Borrowers can take out a second mortgage on a property using the property as collateral. The first mortgage remains in effect, and would be the first loan to be paid off if there is any default. Generally, second mortgages have high interest rates and are for less money than the first mortgage.

Secured loan

A mortgage is a type of secured loan, where one uses collateral—in this case a property—to secure funds. Loans can also be secured by cars and other high-value items. 

If a borrower is behind on payments and in a dire financial situation, a lender might allow a short sale of the property. In such a case, they generally accept less than is actually owed on the mortgage. 

Buyers are often interested in short sales because they can mean a good deal on a property. But short sales are incredibly complicated. And the process is anything but short.

How Smart Investors Decipher & Respond to Real Estate Market Cycles

Staging 

Seasoned agents know that staging can really help a home shine, especially if the property is vacant. Applying a neutral, trendy look can help prospective buyers visualize themselves living in the house and can even increase the sales price. 

Bringing in new design elements and storing owners’ current furniture can be pricey. But many staging companies assure sellers that they will recoup those costs in the sale of the home. 

If staging is not an option, consider tactful ways of suggesting that the owners declutter. Or just follow this list of clever staging tips !

Termite report/inspection/letter/bond

Imagine your clients purchase a home and, as they walk through the kitchen, their feet go through the floorboards because termites have been snacking on the wood. Termites can cause catastrophic damage. That’s why many lenders require proof that a property has been inspected for termites and termite damage. 
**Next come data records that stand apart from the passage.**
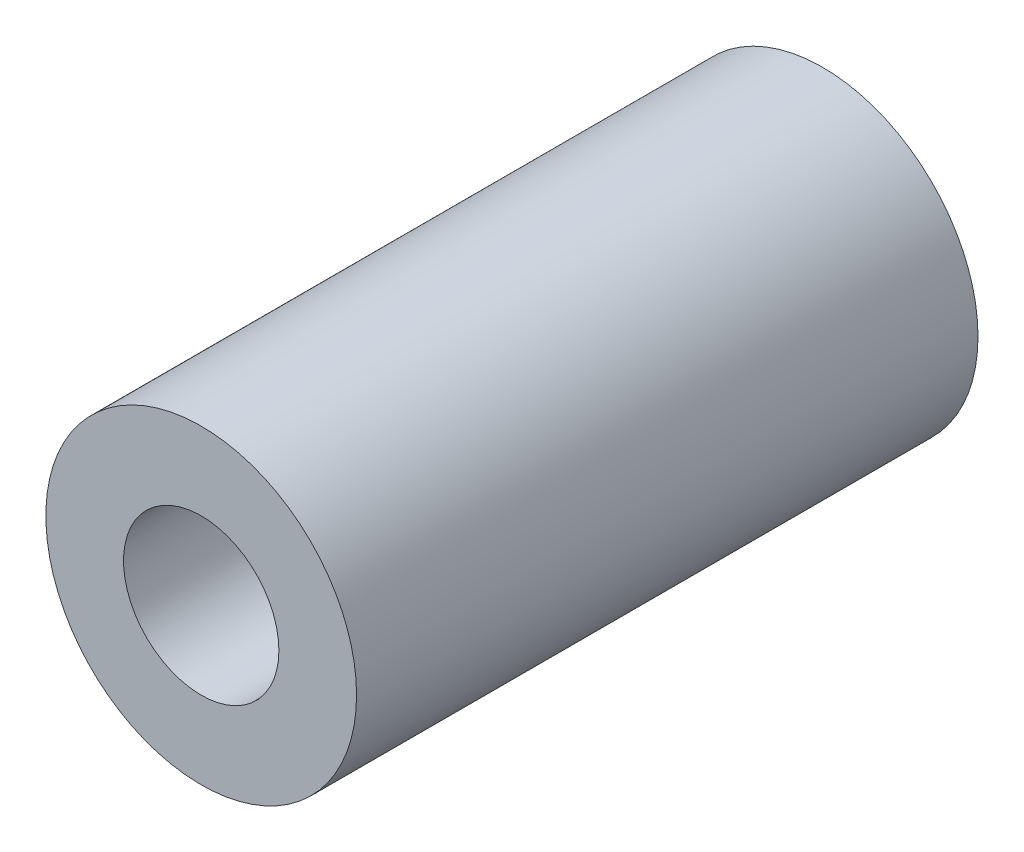
ISO-10303-21;
HEADER;
FILE_DESCRIPTION(('STEP AP214'),'2;1');
FILE_NAME('part.step','',(''),(''),'','','');
FILE_SCHEMA(('AUTOMOTIVE_DESIGN { 1 0 10303 214 1 1 1 1 }'));
ENDSEC;
DATA;
#1=APPLICATION_CONTEXT('core data for automotive mechanical design processes');
#2=APPLICATION_PROTOCOL_DEFINITION('international standard','automotive_design',2000,#1);
#3=PRODUCT_CONTEXT('',#1,'mechanical');
#4=PRODUCT('Part','Part','',(#3));
#5=PRODUCT_RELATED_PRODUCT_CATEGORY('part','',(#4));
#6=PRODUCT_DEFINITION_FORMATION('','',#4);
#7=PRODUCT_DEFINITION_CONTEXT('part definition',#1,'design');
#8=PRODUCT_DEFINITION('design','',#6,#7);
#9=PRODUCT_DEFINITION_SHAPE('','',#8);
#10=(LENGTH_UNIT() NAMED_UNIT(*) SI_UNIT(.MILLI.,.METRE.));
#11=(NAMED_UNIT(*) PLANE_ANGLE_UNIT() SI_UNIT($,.RADIAN.));
#12=(NAMED_UNIT(*) SI_UNIT($,.STERADIAN.) SOLID_ANGLE_UNIT());
#13=UNCERTAINTY_MEASURE_WITH_UNIT(LENGTH_MEASURE(1.E-05),#10,'distance_accuracy_value','');
#14=(GEOMETRIC_REPRESENTATION_CONTEXT(3) GLOBAL_UNCERTAINTY_ASSIGNED_CONTEXT((#13)) GLOBAL_UNIT_ASSIGNED_CONTEXT((#10,
#11,#12)) REPRESENTATION_CONTEXT('',''));
#15=CARTESIAN_POINT('',(0.,0.,0.));
#16=DIRECTION('',(0.,0.,1.));
#17=DIRECTION('',(1.,0.,0.));
#18=AXIS2_PLACEMENT_3D('',#15,#16,#17);
#19=CARTESIAN_POINT('',(0.,0.,10.));
#20=DIRECTION('',(0.,0.,-1.));
#21=DIRECTION('',(-1.,0.,0.));
#22=AXIS2_PLACEMENT_3D('',#19,#20,#21);
#23=CYLINDRICAL_SURFACE('',#22,2.5);
#24=CARTESIAN_POINT('',(0.,0.,10.));
#25=DIRECTION('',(0.,0.,1.));
#26=DIRECTION('',(1.,0.,0.));
#27=AXIS2_PLACEMENT_3D('',#24,#25,#26);
#28=CIRCLE('',#27,2.5);
#29=CARTESIAN_POINT('',(2.5,0.,10.));
#30=VERTEX_POINT('',#29);
#31=EDGE_CURVE('E10',#30,#30,#28,.T.);
#32=ORIENTED_EDGE('',*,*,#31,.F.);
#33=EDGE_LOOP('',(#32));
#34=FACE_BOUND('',#33,.T.);
#35=CARTESIAN_POINT('',(0.,0.,0.));
#36=DIRECTION('',(0.,0.,1.));
#37=DIRECTION('',(1.,0.,0.));
#38=AXIS2_PLACEMENT_3D('',#35,#36,#37);
#39=CIRCLE('',#38,2.5);
#40=CARTESIAN_POINT('',(2.5,0.,0.));
#41=VERTEX_POINT('',#40);
#42=EDGE_CURVE('E39',#41,#41,#39,.T.);
#43=ORIENTED_EDGE('',*,*,#42,.T.);
#44=EDGE_LOOP('',(#43));
#45=FACE_BOUND('',#44,.T.);
#46=ADVANCED_FACE('F36',(#34,#45),#23,.T.);
#47=CARTESIAN_POINT('',(0.,0.,10.));
#48=DIRECTION('',(0.,0.,1.));
#49=DIRECTION('',(1.,0.,0.));
#50=AXIS2_PLACEMENT_3D('',#47,#48,#49);
#51=PLANE('',#50);
#52=CARTESIAN_POINT('',(0.,0.,10.));
#53=DIRECTION('',(0.,0.,1.));
#54=DIRECTION('',(1.,0.,0.));
#55=AXIS2_PLACEMENT_3D('',#52,#53,#54);
#56=CIRCLE('',#55,1.25);
#57=CARTESIAN_POINT('',(1.25,0.,10.));
#58=VERTEX_POINT('',#57);
#59=EDGE_CURVE('E50',#58,#58,#56,.T.);
#60=ORIENTED_EDGE('',*,*,#59,.F.);
#61=EDGE_LOOP('',(#60));
#62=FACE_BOUND('',#61,.T.);
#63=ORIENTED_EDGE('',*,*,#31,.T.);
#64=EDGE_LOOP('',(#63));
#65=FACE_BOUND('',#64,.T.);
#66=ADVANCED_FACE('F56',(#62,#65),#51,.T.);
#67=CARTESIAN_POINT('',(0.,0.,0.));
#68=DIRECTION('',(0.,0.,1.));
#69=DIRECTION('',(1.,0.,0.));
#70=AXIS2_PLACEMENT_3D('',#67,#68,#69);
#71=PLANE('',#70);
#72=CARTESIAN_POINT('',(0.,0.,0.));
#73=DIRECTION('',(0.,0.,1.));
#74=DIRECTION('',(1.,0.,0.));
#75=AXIS2_PLACEMENT_3D('',#72,#73,#74);
#76=CIRCLE('',#75,1.25);
#77=CARTESIAN_POINT('',(1.25,0.,0.));
#78=VERTEX_POINT('',#77);
#79=EDGE_CURVE('E46',#78,#78,#76,.T.);
#80=ORIENTED_EDGE('',*,*,#79,.T.);
#81=EDGE_LOOP('',(#80));
#82=FACE_BOUND('',#81,.T.);
#83=ORIENTED_EDGE('',*,*,#42,.F.);
#84=EDGE_LOOP('',(#83));
#85=FACE_BOUND('',#84,.T.);
#86=ADVANCED_FACE('F58',(#82,#85),#71,.F.);
#87=CARTESIAN_POINT('',(0.,0.,10.));
#88=DIRECTION('',(0.,0.,1.));
#89=DIRECTION('',(1.,0.,0.));
#90=AXIS2_PLACEMENT_3D('',#87,#88,#89);
#91=CYLINDRICAL_SURFACE('',#90,1.25);
#92=ORIENTED_EDGE('',*,*,#79,.F.);
#93=EDGE_LOOP('',(#92));
#94=FACE_BOUND('',#93,.T.);
#95=ORIENTED_EDGE('',*,*,#59,.T.);
#96=EDGE_LOOP('',(#95));
#97=FACE_BOUND('',#96,.T.);
#98=ADVANCED_FACE('F54',(#94,#97),#91,.F.);
#99=CLOSED_SHELL('',(#46,#66,#86,#98));
#100=MANIFOLD_SOLID_BREP('B2',#99);
#101=ADVANCED_BREP_SHAPE_REPRESENTATION('',(#18,#100),#14);
#102=SHAPE_DEFINITION_REPRESENTATION(#9,#101);
ENDSEC;
END-ISO-10303-21;

Banks may also require that the home be under a continuous termite bond. This shows that the home is regularly inspected and treated for termites by a professional pest control company. If termites are found, there are options of remediation. But the process is often pretty dramatic, like tenting the entire house and pumping in toxic gas.

A title is one’s legal right to a property, to use it however one wants, and to transfer it how and when and to whomever one wants. It is different from a deed, which legally shows who is the property owner.

Title insurance

Let’s say you’re a buyer who purchases a property after conducting a title search, believing the title to be clean. Two weeks later, a fourth cousin, twice removed, of a little old lady who owned the house 74 years ago shows up on the porch saying you’re living in his inheritance. Title insurance has got you covered—it protects a property owner and a lender against claims on a property title.

Title search

When purchasing a property, most buyers will hire a lawyer or title company to comb through public records to follow the transfer of the title across the decades. This ensures that the title is clean and free of any liens or encumbrances. Individuals can conduct their own searches, but that’s not usually recommended. Generally, title insurance companies accept 30 years of record, which is good news for owners of historic homes. 

Transfer of ownership

This is a fancy way of explaining the conveyance of the deed and title from the seller to the buyer at closing.

Transfer tax

A transfer tax is essentially a fee charged by the state, county, or municipality to handle transferring the title. Clients will expect you to know the rates and if there are any applicable exceptions, as will the writers of your state’s real estate licensing exam. 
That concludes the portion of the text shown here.